Plusieurs foyers de nématode du pin, un ver ravageur des résineux, ont été détectés dans les Landes et les Pyrénées-Atlantique, étendant la zone de surveillance à plusieurs dizaines de milliers d'hectares de forêt dans ces départements, a-t-on appris vendredi auprès des autorités.
Selon la préfecture de région, ce ver translucide de moins d'un millimètre, capable de détruire une forêt entière quand il se propage, a été détecté fin août à Orthevielle (sud des Landes) et dans quatre communes de l'est des Pyrénées-Atlantique (Lescar, Lons, Artix et Mourenx), toutes situées hors de l'immense massif forestier des Landes de Gascogne.
Depuis la détection d'un premier cas dans les Landes, à Seignosse, à l'extrémité sud du massif en novembre 2025, une course contre la montre s'est engagée pour parvenir à éradiquer ce petit organisme, via l'abattage des pins dans une "zone infestée" de 500 mètres autour des conifères contaminés et en retirant les arbres morts d'une zone tampon de 20 kilomètres.
Les deux zones tampons s'étendent désormais sur près de 400.000 hectares, au sein desquelles la surface forestière surveillée totalise plusieurs dizaines de milliers d'hectares, a précisé à l'AFP la Direction Régionale de l'Alimentation, de l'Agriculture et de la Forêt.
Sur 8.600 échantillons de pins prélevés autour du foyer initial de Seignosse, 11 ont été déclarés positifs à la contamination par ce vers, indique la Draaf dans son dernier bulletin d'informations.
Une serre confinée au sein d'une plateforme de l'Inrae consacrée à la recherche contre les ravageurs, dont le nématode du pin, a été inaugurée cette semaine dans la banlieue de Bordeaux.
Classé "organisme de quarantaine prioritaire" par la législation européenne, le nématode du pin est considéré par les autorités comme "une menace sanitaire majeure" pour les forêts de résineux.
Aussi appelé "Bursaphelenchus xylophilus", il a déjà sévi en Asie puis au Portugal et en Espagne.
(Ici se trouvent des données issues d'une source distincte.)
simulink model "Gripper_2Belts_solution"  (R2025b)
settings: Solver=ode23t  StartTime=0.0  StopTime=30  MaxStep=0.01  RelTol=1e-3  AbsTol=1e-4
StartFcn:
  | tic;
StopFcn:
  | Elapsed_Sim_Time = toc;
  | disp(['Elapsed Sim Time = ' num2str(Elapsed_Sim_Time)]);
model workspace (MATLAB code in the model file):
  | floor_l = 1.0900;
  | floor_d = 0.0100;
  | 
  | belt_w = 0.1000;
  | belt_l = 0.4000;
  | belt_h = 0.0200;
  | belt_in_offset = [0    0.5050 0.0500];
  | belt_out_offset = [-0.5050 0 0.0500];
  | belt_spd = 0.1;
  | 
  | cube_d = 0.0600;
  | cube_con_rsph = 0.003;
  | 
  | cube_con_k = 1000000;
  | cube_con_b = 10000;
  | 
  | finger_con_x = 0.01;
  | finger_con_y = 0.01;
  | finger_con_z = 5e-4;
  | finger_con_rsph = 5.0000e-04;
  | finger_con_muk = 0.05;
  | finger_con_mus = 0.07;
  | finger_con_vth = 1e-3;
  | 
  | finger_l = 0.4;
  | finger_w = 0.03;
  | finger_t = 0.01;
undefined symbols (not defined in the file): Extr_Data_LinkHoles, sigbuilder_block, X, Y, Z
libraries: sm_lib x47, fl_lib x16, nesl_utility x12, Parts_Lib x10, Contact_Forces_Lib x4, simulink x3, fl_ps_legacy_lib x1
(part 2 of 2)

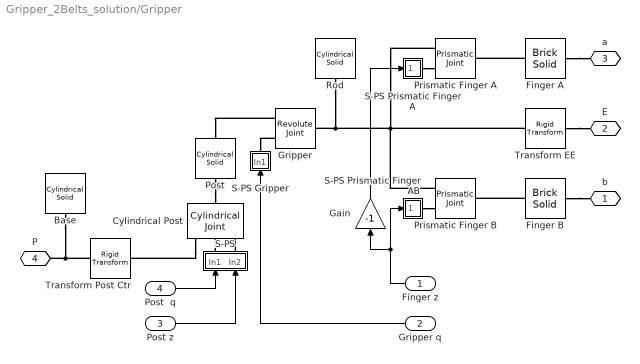
== system Gripper_2Belts_solution/Gripper ==
  Finger z : Inport
  Gripper q : Inport  Port=2
  Post z : Inport  Port=3
  Post  q : Inport  Port=4
  Base : sm_lib/Body Elements/Cylindrical Solid  CylinderRadius=0.03  CylinderRadiusUnits=m  CylinderLength=0.05  CylinderLengthUnits=m  ExportEntireGeometry=off  InertiaType=CalculateFromGeometry  BasedOnType=Density  Density=1000  DensityUnits=kg/m^3  Mass=1  MassUnits=kg  CenterOfMass=[0 0 0]  CenterOfMassUnits=m  MomentsOfInertia=[1 1 1]  MomentsOfInertiaUnits=kg*m^2  ProductsOfInertia=[1 1 1]  ProductsOfInertiaUnits=kg*m^2  GraphicType=FromGeometry  MarkerShape=Sphere  MarkerSize=10  GraphicVisPropType=SimpleVisualProperties  GraphicDiffuseColor=[0.5 0.5 0.5]  GraphicOpacity=1.0  GraphicSpecularColor=[0.5 0.5 0.5 1.0]  GraphicAmbientColor=[0.15 0.15 0.15 1.0]  GraphicEmissiveColor=[0.0 0.0 0.0 1.0]  GraphicShininess=75  DoExposeReferenceFrame=off  SerializedFrames=<Frames><Frame><Id>Frame1</Id><Value><Name>B</Name><Origin><Source>GeometricFeature</Source><FeatureName>bottom surface</FeatureName></Origin><PrimaryAxis><DefinedDirection>+Z</DefinedDirection><Source>ReferenceFrame</Source><SourceDirection>+Z</SourceDirection><FeatureName></FeatureName></PrimaryAxis><SecondaryAxis><DefinedDirection>+X</DefinedDirection><Source>ReferenceFrame</Source><SourceDirection>+X</SourceDirection><FeatureName></FeatureName></SecondaryAxis></Value></Frame></Frames>
  Cylindrical Post : sm_lib/Joints/Cylindrical Joint  JointMode=Normal  CompositeWrenchDir=FollowerOnBase  CompositeWrenchFrame=BaseFrame  SenseConstraintForce=off  SenseConstraintTorque=off  SenseTotalForce=off  SenseTotalTorque=off  RzPositionTargetSpecify=off  RzPositionTargetPriority=High  RzPositionTargetValue=0  RzPositionTargetValueUnits=deg  RzVelocityTargetSpecify=off  RzVelocityTargetPriority=High  RzVelocityTargetValue=0  RzVelocityTargetValueUnits=deg/s  RzEquilibriumPosition=0  RzEquilibriumPositionUnits=deg  RzSpringStiffness=0  RzSpringStiffnessUnits=N*m/deg  RzDampingCoefficient=0  RzDampingCoefficientUnits=N*m/(deg/s)  RzLowerLimitSpecify=off  RzLowerLimitBound=-90  RzLowerLimitBoundUnits=deg  RzLowerLimitStiffness=1e4  RzLowerLimitStiffnessUnits=N*m/deg  RzLowerLimitDamping=10  RzLowerLimitDampingUnits=N*m/(deg/s)  RzLowerLimitTransitionRegionWidth=0.1  RzLowerLimitTransitionRegionWidthUnits=deg  RzUpperLimitSpecify=off  RzUpperLimitBound=90  RzUpperLimitBoundUnits=deg  RzUpperLimitStiffness=1e4  RzUpperLimitStiffnessUnits=N*m/deg  RzUpperLimitDamping=10  RzUpperLimitDampingUnits=N*m/(deg/s)  RzUpperLimitTransitionRegionWidth=0.1  RzUpperLimitTransitionRegionWidthUnits=deg  RzTorqueActuationMode=ComputedTorque  RzMotionActuationMode=InputMotion  RzSensePosition=off  RzSenseVelocity=off  RzSenseAcceleration=off  RzSenseTorqueForce=off  RzSenseLowerLimitTorqueForce=off  RzSenseUpperLimitTorqueForce=off  PzPositionTargetSpecify=off  PzPositionTargetPriority=High  PzPositionTargetValue=0  PzPositionTargetValueUnits=m  PzVelocityTargetSpecify=off  PzVelocityTargetPriority=High  PzVelocityTargetValue=0  PzVelocityTargetValueUnits=m/s  PzEquilibriumPosition=0  PzEquilibriumPositionUnits=m  PzSpringStiffness=0  PzSpringStiffnessUnits=N/m  PzDampingCoefficient=0  PzDampingCoefficientUnits=N/(m/s)  PzLowerLimitSpecify=off  PzLowerLimitBound=-1  PzLowerLimitBoundUnits=m  PzLowerLimitStiffness=1e6  PzLowerLimitStiffnessUnits=N/m  PzLowerLimitDamping=1e3  PzLowerLimitDampingUnits=N/(m/s)  PzLowerLimitTransitionRegionWidth=1e-4  PzLowerLimitTransitionRegionWidthUnits=m  PzUpperLimitSpecify=off  PzUpperLimitBound=1  PzUpperLimitBoundUnits=m  PzUpperLimitStiffness=1e6  PzUpperLimitStiffnessUnits=N/m  PzUpperLimitDamping=1e3  PzUpperLimitDampingUnits=N/(m/s)  PzUpperLimitTransitionRegionWidth=1e-4  PzUpperLimitTransitionRegionWidthUnits=m  PzTorqueActuationMode=ComputedTorque  PzMotionActuationMode=InputMotion  PzSensePosition=off  PzSenseVelocity=off  PzSenseAcceleration=off  PzSenseTorqueForce=off  PzSenseLowerLimitTorqueForce=off  PzSenseUpperLimitTorqueForce=off
  Finger A : sm_lib/Body Elements/Brick Solid  BrickDimensions=[finger_t finger_l finger_w]  BrickDimensionsUnits=m  ExportEntireGeometry=off  InertiaType=CalculateFromGeometry  BasedOnType=Density  Density=1000  DensityUnits=kg/m^3  Mass=1  MassUnits=kg  CenterOfMass=[0 0 0]  CenterOfMassUnits=m  MomentsOfInertia=[1 1 1]  MomentsOfInertiaUnits=kg*m^2  ProductsOfInertia=[1 1 1]  ProductsOfInertiaUnits=kg*m^2  GraphicType=FromGeometry  MarkerShape=Sphere  MarkerSize=10  GraphicVisPropType=SimpleVisualProperties  GraphicDiffuseColor=[0.8 0.0 0.0]  GraphicOpacity=1.0  GraphicSpecularColor=[0.5 0.5 0.5 1.0]  GraphicAmbientColor=[0.15 0.15 0.15 1.0]  GraphicEmissiveColor=[0.0 0.0 0.0 1.0]  GraphicShininess=75  DoExposeReferenceFrame=off  SerializedFrames=<Frames><Frame><Id>Frame1</Id><Value><Name>Pr</Name><Origin><Source>GeometricFeature</Source><FeatureName>-y surface</FeatureName></Origin><PrimaryAxis><DefinedDirection>+Z</DefinedDirection><Source>ReferenceFrame</Source><SourceDirection>+X</SourceDirection><FeatureName></FeatureName></PrimaryAxis><SecondaryAxis><DefinedDirection>+X</DefinedDirection><Source>ReferenceFrame</Source><SourceDirection>+Y</SourceDirection><FeatureName></FeatureName></SecondaryAxis></Value></Frame><Frame><Id>Frame2</Id><Value><Name>G</Name><Origin><Source>GeometricFeature</Source><FeatureName>+x +y curve</FeatureName></Origin><PrimaryAxis><DefinedDirection>+Z</DefinedDirection><Source>ReferenceFrame</Source><SourceDirection>-X</SourceDirection><FeatureName></FeatureName></PrimaryAxis><SecondaryAxis><DefinedDirection>+X</DefinedDirection><Source>ReferenceFrame</Source><SourceDirection>-Z</SourceDirection><FeatureName></FeatureName></SecondaryAxis></Value></Frame></Frames>
  Finger B : sm_lib/Body Elements/Brick Solid  BrickDimensions=[finger_t finger_l finger_w]  BrickDimensionsUnits=m  ExportEntireGeometry=off  InertiaType=CalculateFromGeometry  BasedOnType=Density  Density=1000  DensityUnits=kg/m^3  Mass=1  MassUnits=kg  CenterOfMass=[0 0 0]  CenterOfMassUnits=m  MomentsOfInertia=[1 1 1]  MomentsOfInertiaUnits=kg*m^2  ProductsOfInertia=[1 1 1]  ProductsOfInertiaUnits=kg*m^2  GraphicType=FromGeometry  MarkerShape=Sphere  MarkerSize=10  GraphicVisPropType=SimpleVisualProperties  GraphicDiffuseColor=[0.8 0.0 0.0]  GraphicOpacity=1.0  GraphicSpecularColor=[0.5 0.5 0.5 1.0]  GraphicAmbientColor=[0.15 0.15 0.15 1.0]  GraphicEmissiveColor=[0.0 0.0 0.0 1.0]  GraphicShininess=75  DoExposeReferenceFrame=off  SerializedFrames=<Frames><Frame><Id>Frame1</Id><Value><Name>Pr</Name><Origin><Source>GeometricFeature</Source><FeatureName>-y surface</FeatureName></Origin><PrimaryAxis><DefinedDirection>+Z</DefinedDirection><Source>ReferenceFrame</Source><SourceDirection>+X</SourceDirection><FeatureName></FeatureName></PrimaryAxis><SecondaryAxis><DefinedDirection>+X</DefinedDirection><Source>ReferenceFrame</Source><SourceDirection>+Y</SourceDirection><FeatureName></FeatureName></SecondaryAxis></Value></Frame><Frame><Id>Frame2</Id><Value><Name>G</Name><Origin><Source>GeometricFeature</Source><FeatureName>-x +y curve</FeatureName></Origin><PrimaryAxis><DefinedDirection>+Z</DefinedDirection><Source>ReferenceFrame</Source><SourceDirection>+X</SourceDirection><FeatureName></FeatureName></PrimaryAxis><SecondaryAxis><DefinedDirection>+X</DefinedDirection><Source>ReferenceFrame</Source><SourceDirection>-Z</SourceDirection><FeatureName></FeatureName></SecondaryAxis></Value></Frame></Frames>
  Gain : Gain  Gain=-1
  Gripper : sm_lib/Joints/Revolute Joint  JointMode=Normal  CompositeWrenchDir=FollowerOnBase  CompositeWrenchFrame=BaseFrame  SenseConstraintForce=off  SenseConstraintTorque=off  SenseTotalForce=off  SenseTotalTorque=off  PositionTargetSpecify=off  PositionTargetPriority=High  PositionTargetValue=0  PositionTargetValueUnits=deg  VelocityTargetSpecify=off  VelocityTargetPriority=High  VelocityTargetValue=0  VelocityTargetValueUnits=deg/s  EquilibriumPosition=0  EquilibriumPositionUnits=deg  SpringStiffness=0  SpringStiffnessUnits=N*m/deg  DampingCoefficient=0  DampingCoefficientUnits=N*m/(deg/s)  LowerLimitSpecify=off  LowerLimitBound=-90  LowerLimitBoundUnits=deg  LowerLimitStiffness=1e4  LowerLimitStiffnessUnits=N*m/deg  LowerLimitDamping=10  LowerLimitDampingUnits=N*m/(deg/s)  LowerLimitTransitionRegionWidth=0.1  LowerLimitTransitionRegionWidthUnits=deg  UpperLimitSpecify=off  UpperLimitBound=90  UpperLimitBoundUnits=deg  UpperLimitStiffness=1e4  UpperLimitStiffnessUnits=N*m/deg  UpperLimitDamping=10  UpperLimitDampingUnits=N*m/(deg/s)  UpperLimitTransitionRegionWidth=0.1  UpperLimitTransitionRegionWidthUnits=deg  TorqueActuationMode=ComputedTorque  MotionActuationMode=InputMotion  SensePosition=off  SenseVelocity=off  SenseAcceleration=off  SenseTorqueForce=off  SenseLowerLimitTorqueForce=off  SenseUpperLimitTorqueForce=off
  Post : sm_lib/Body Elements/Cylindrical Solid  CylinderRadius=0.025  CylinderRadiusUnits=m  CylinderLength=0.1  CylinderLengthUnits=m  ExportEntireGeometry=off  InertiaType=CalculateFromGeometry  BasedOnType=Density  Density=1000  DensityUnits=kg/m^3  Mass=1  MassUnits=kg  CenterOfMass=[0 0 0]  CenterOfMassUnits=m  MomentsOfInertia=[1 1 1]  MomentsOfInertiaUnits=kg*m^2  ProductsOfInertia=[1 1 1]  ProductsOfInertiaUnits=kg*m^2  GraphicType=FromGeometry  MarkerShape=Sphere  MarkerSize=10  GraphicVisPropType=SimpleVisualProperties  GraphicDiffuseColor=[0.8 0.8 0.8]  GraphicOpacity=1.0  GraphicSpecularColor=[0.5 0.5 0.5 1.0]  GraphicAmbientColor=[0.15 0.15 0.15 1.0]  GraphicEmissiveColor=[0.0 0.0 0.0 1.0]  GraphicShininess=75  DoExposeReferenceFrame=on  SerializedFrames=<Frames><Frame><Id>Frame1</Id><Value><Name>Pr</Name><Origin><Source>GeometricFeature</Source><FeatureName>top surface</FeatureName></Origin><PrimaryAxis><DefinedDirection>+Z</DefinedDirection><Source>ReferenceFrame</Source><SourceDirection>+X</SourceDirection><FeatureName></FeatureName></PrimaryAxis><SecondaryAxis><DefinedDirection>+X</DefinedDirection><Source>ReferenceFrame</Source><SourceDirection>+Y</SourceDirection><FeatureName></FeatureName></SecondaryAxis></Value></Frame></Frames>
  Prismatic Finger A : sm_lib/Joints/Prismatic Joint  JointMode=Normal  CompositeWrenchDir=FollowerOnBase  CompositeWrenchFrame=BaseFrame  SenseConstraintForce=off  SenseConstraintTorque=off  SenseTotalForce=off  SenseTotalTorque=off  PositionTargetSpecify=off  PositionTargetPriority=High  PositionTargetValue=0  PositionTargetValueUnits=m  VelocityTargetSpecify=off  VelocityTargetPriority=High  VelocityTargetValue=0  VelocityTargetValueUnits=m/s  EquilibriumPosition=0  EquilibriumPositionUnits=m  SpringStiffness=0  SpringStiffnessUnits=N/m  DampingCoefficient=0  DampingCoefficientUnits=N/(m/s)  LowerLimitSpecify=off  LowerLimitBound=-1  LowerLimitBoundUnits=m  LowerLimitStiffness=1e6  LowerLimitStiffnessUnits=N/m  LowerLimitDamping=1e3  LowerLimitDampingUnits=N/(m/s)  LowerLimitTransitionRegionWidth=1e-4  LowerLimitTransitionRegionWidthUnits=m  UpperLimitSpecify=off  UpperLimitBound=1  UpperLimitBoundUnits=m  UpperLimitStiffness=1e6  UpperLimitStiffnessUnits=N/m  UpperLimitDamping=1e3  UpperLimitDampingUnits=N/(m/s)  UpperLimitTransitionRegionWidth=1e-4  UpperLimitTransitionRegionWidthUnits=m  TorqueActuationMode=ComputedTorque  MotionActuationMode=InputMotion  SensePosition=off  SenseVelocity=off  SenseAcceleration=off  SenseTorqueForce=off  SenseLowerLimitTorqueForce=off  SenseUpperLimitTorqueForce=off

Il se transmet par un insecte vecteur de type coléoptère. Sa prolifération bloque la circulation de la sève, conduisant à une mort rapide des arbres infestés.
Selon le ministère de l'Agriculture, la présence du nématode du pin a également été détectée en juillet à plusieurs centaines de kilomètres de là, près d'Orléans.
Le massif des Landes de Gascogne, qui recouvre plus d'un million d'hectares dans les départements des Landes, de la Gironde et du Lot-et-Garonne, est composé à 75% de pins maritimes, dont dépend l'essentiel de l'industrie sylvicole.